**THE PROBLEM:** Output, verbatim and without pictures, the lines from the first line of the listing through the line containing "AnP_Kategorie: 1".

**GIVEN ENTRIES:**

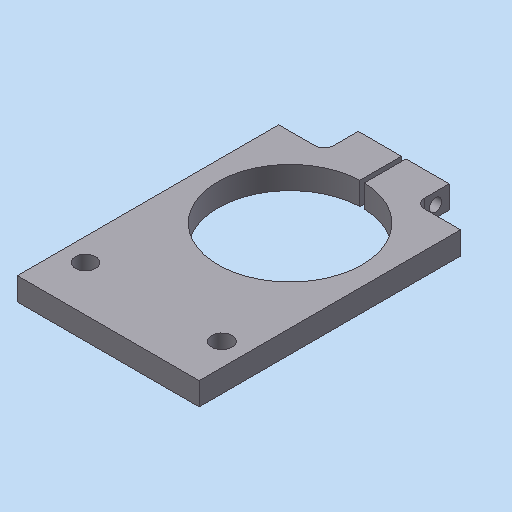
# Autodesk Inventor part: MM0867AN150_G01_147
Saved by Autodesk Inventor 2023.3 (Build 273359000, 359)
## iProperties
Created: 2018-11-09
Part Number: MM0867AN150_G01_147
Material: 3.3547 AlMg4,5Mn 0,7 -AW 5083
Document SubType Name: Modeling
Designer: fsm9bw
Density: 2.71 g/cm^3
Appearance: Metall-AL-6061 (gleichmäß.)
Mass: 173.858 g
Surface Area: 205.221 cm^2
Volume: 64.1542 cm^3
Description: =<RBPARTNOTITLE2>
RBMATERIAL: =<Material>
RBMATNO: =<Part Number>
RBPARTMADEOF: 10 x 130 x 80 (FM)
RBPARTNOTITLE1: manufactured part
RBPARTNOTITLE2: Anfertigungsteil
MaxAbmaße: 10 x 130 x 80 (FM)
AnP_Material_aktuell: =<Material>
AnP_Kommentar_aktuell: =<Comments>
AnP_Kategorie: 1
AnP_Material: =<Material>
RBDRAWINGMISSINGSPEC: --
RBSURFACE2: farbl. eloxiert
Author: fsm9bw
Comments: =<RBSURFACE2>
Keywords: =<RBPARTMADEOF>
Revision Number: 01
Autodesk Inventor part; units mm, degrees
ref_plane "YZ Plane" through (0, 0, 0) normal (1, 0, 0) x (0, 1, 0)
ref_plane "XZ Plane" through (0, 0, 0) normal (0, 1, 0) x (-1, 0, 0)
ref_plane "XY Plane" through (0, 0, 0) normal (0, 0, 1) x (1, 0, 0)
sketch "Skizze1" plane through (0, 0, 0) normal (0, 0, 1) x (1, 0, 0)
  line L0 (-40, 0) -> (40, 0)
  line L1 (40, 0) -> (40, 130)
  line L2 (40, 130) -> (-40, 130)
  line L3 (-40, 130) -> (-40, 0)
  line L4 (-56, 0) -> (56, 0) projected
  line L5 (0, -26) -> (0, 156) projected
  point P0 (0, 0)
  dimension "d0" = 80
  dimension "d1" = 130
  constraints: 8 end point, 2 parallel, 1 collinear, 1 horizontal, 1 perpendicular, 1 other
  measures "d0" distance of L0.start L0.end
  measures "d1" distance of L2.end L0.start
extrude "Extrusion1" add sketch "Skizze1" along normal blind 10
sketch "Skizze2" plane through (0, 0, 10) normal (0, 0, 1) x (1, 0, 0)
  line L0 (-40, 0) -> (40, 0) projected
  point P0 (0, 0)
  point P1 (-30, 20)
  point P2 (30, 20)
  dimension "d4" = 60
  dimension "d5" = 30
  dimension "d6" = 20
  constraints: 1 horizontal alignment
  measures "d4" distance of point (30, 20) point (-30, 20)
  measures "d5" horizontal distance of point (-30, 20) point (0, 0)
  measures "d6" distance from line of point (-30, 20) L0
hole "Bohrung1" at (-30, 20, 10) at (30, 20, 10) direction (0, 0, -1) diameter 9 end through all
sketch "Skizze3" plane through (0, 0, 10) normal (0, 0, 1) x (1, 0, 0)
  line L0 (-40, 0) -> (40, 0) projected
  line L1 (40, 130) -> (-40, 130) projected
  point P0 (0, 0)
  point P1 (0, 80)
  point P2 (0, 0)
  point P3 (0, 0)
  dimension "d14" = 50
  constraints: 2 midpoint, 2 vertical alignment
  measures "d14" distance from line of point (0, 80) L1
hole "Bohrung2" at (0, 80, 10) direction (0, 0, -1) diameter 63.4 end through all
sketch "Skizze4" plane through (0, 0, 10) normal (0, 0, 1) x (1, 0, 0)
  circle A0 centre (0, 80) radius 31.7 projected
  line L0 (40, 130) -> (-40, 130) projected
  line L1 (-1, 130) -> (1, 130)
  line L2 (1, 130) -> (1, 108.8642)
  line L3 (1, 108.8642) -> (-1, 108.8642)
  line L4 (-1, 108.8642) -> (-1, 130)
  point P0 (0, 0)
  dimension "d22" = 2
  dimension "d23" = 1
  constraints: 8 end point, 2 parallel, 1 horizontal, 1 perpendicular, 1 point on line
  measures "d22" distance between parallel lines of L2 L4
  measures "d23" distance from line of A0.centre L4
extrude "Extrusion2" cut sketch "Skizze4" against normal blind 10 contours L2 L3 L4 A0 | A0 L4 L0 L2 picked at (0.1111, 109.8089)
sketch "Skizze5" plane through (40, 0, 0) normal (1, 0, 0) x (0, 0, -1)
  line L0 (0, 0) -> (0, 130) projected
  line L1 (0, 130) -> (-10, 130) projected
  point P0 (-5, 124)
  dimension "d26" = 6
  dimension "d27" = 5
  measures "d26" distance from line of point (-5, 124) L1
  measures "d27" distance from line of point (-5, 124) L0
hole "Bohrung3" at (40, 124, 5) direction (-1, 0, 0) diameter 4.134 end through all counterbore diameter 5.5 counterbore depth 40 thread size "M5x0.8" designation "M5" class "6H" standard "ISO Metric profile"
sketch "Skizze6" plane through (0, 0, 10) normal (0, 0, 1) x (1, 0, 0)
  line L0 (-1, 130) -> (-40, 130) projected
  line L1 (-40, 130) -> (-40, 0) projected
  line L2 (40, 0) -> (40, 130) projected
  line L3 (40, 130) -> (1, 130) projected
  line L4 (-40, 115) -> (-24, 115)
  line L5 (-20, 119) -> (-20, 130)
  line L6 (-20, 130) -> (-40, 130)
  line L7 (-40, 130) -> (-40, 115)
  line L8 (40, 115) -> (24, 115)
  line L9 (20, 119) -> (20, 130)
  line L10 (20, 130) -> (40, 130)
  line L11 (40, 130) -> (40, 115)
  arc A0 (-24, 115) -> (-20, 119) centre (-24, 119) ccw
  arc A1 (20, 119) -> (24, 115) centre (24, 119) ccw
  point P0 (0, 0)
  point P1 (-20, 115)
  point P2 (20, 115)
  dimension "d35" = 20
  dimension "d36" = 20
  dimension "d37" = 15
  dimension "d38" = 15
  dimension "d39" = 4
  constraints: 16 end point, 8 point on line, 4 parallel, 4 point on circle, 4 tangent, 2 centre point, 2 horizontal, 2 perpendicular, 1 equal radius
  measures "d35" distance of L4.start point (-20, 115)
  measures "d36" distance of L8.start point (20, 115)
  measures "d37" distance between parallel lines of L6 L4
  measures "d38" distance of point (20, 115) L9.end
  measures "d39" radius of A0
extrude "Extrusion3" cut sketch "Skizze6" against normal blind 10

**EXERCISE OUTPUT:**
# Autodesk Inventor part: MM0867AN150_G01_147
Saved by Autodesk Inventor 2023.3 (Build 273359000, 359)
## iProperties
Created: 2018-11-09
Part Number: MM0867AN150_G01_147
Material: 3.3547 AlMg4,5Mn 0,7 -AW 5083
Document SubType Name: Modeling
Designer: fsm9bw
Density: 2.71 g/cm^3
Appearance: Metall-AL-6061 (gleichmäß.)
Mass: 173.858 g
Surface Area: 205.221 cm^2
Volume: 64.1542 cm^3
Description: =<RBPARTNOTITLE2>
RBMATERIAL: =<Material>
RBMATNO: =<Part Number>
RBPARTMADEOF: 10 x 130 x 80 (FM)
RBPARTNOTITLE1: manufactured part
RBPARTNOTITLE2: Anfertigungsteil
MaxAbmaße: 10 x 130 x 80 (FM)
AnP_Material_aktuell: =<Material>
AnP_Kommentar_aktuell: =<Comments>
AnP_Kategorie: 1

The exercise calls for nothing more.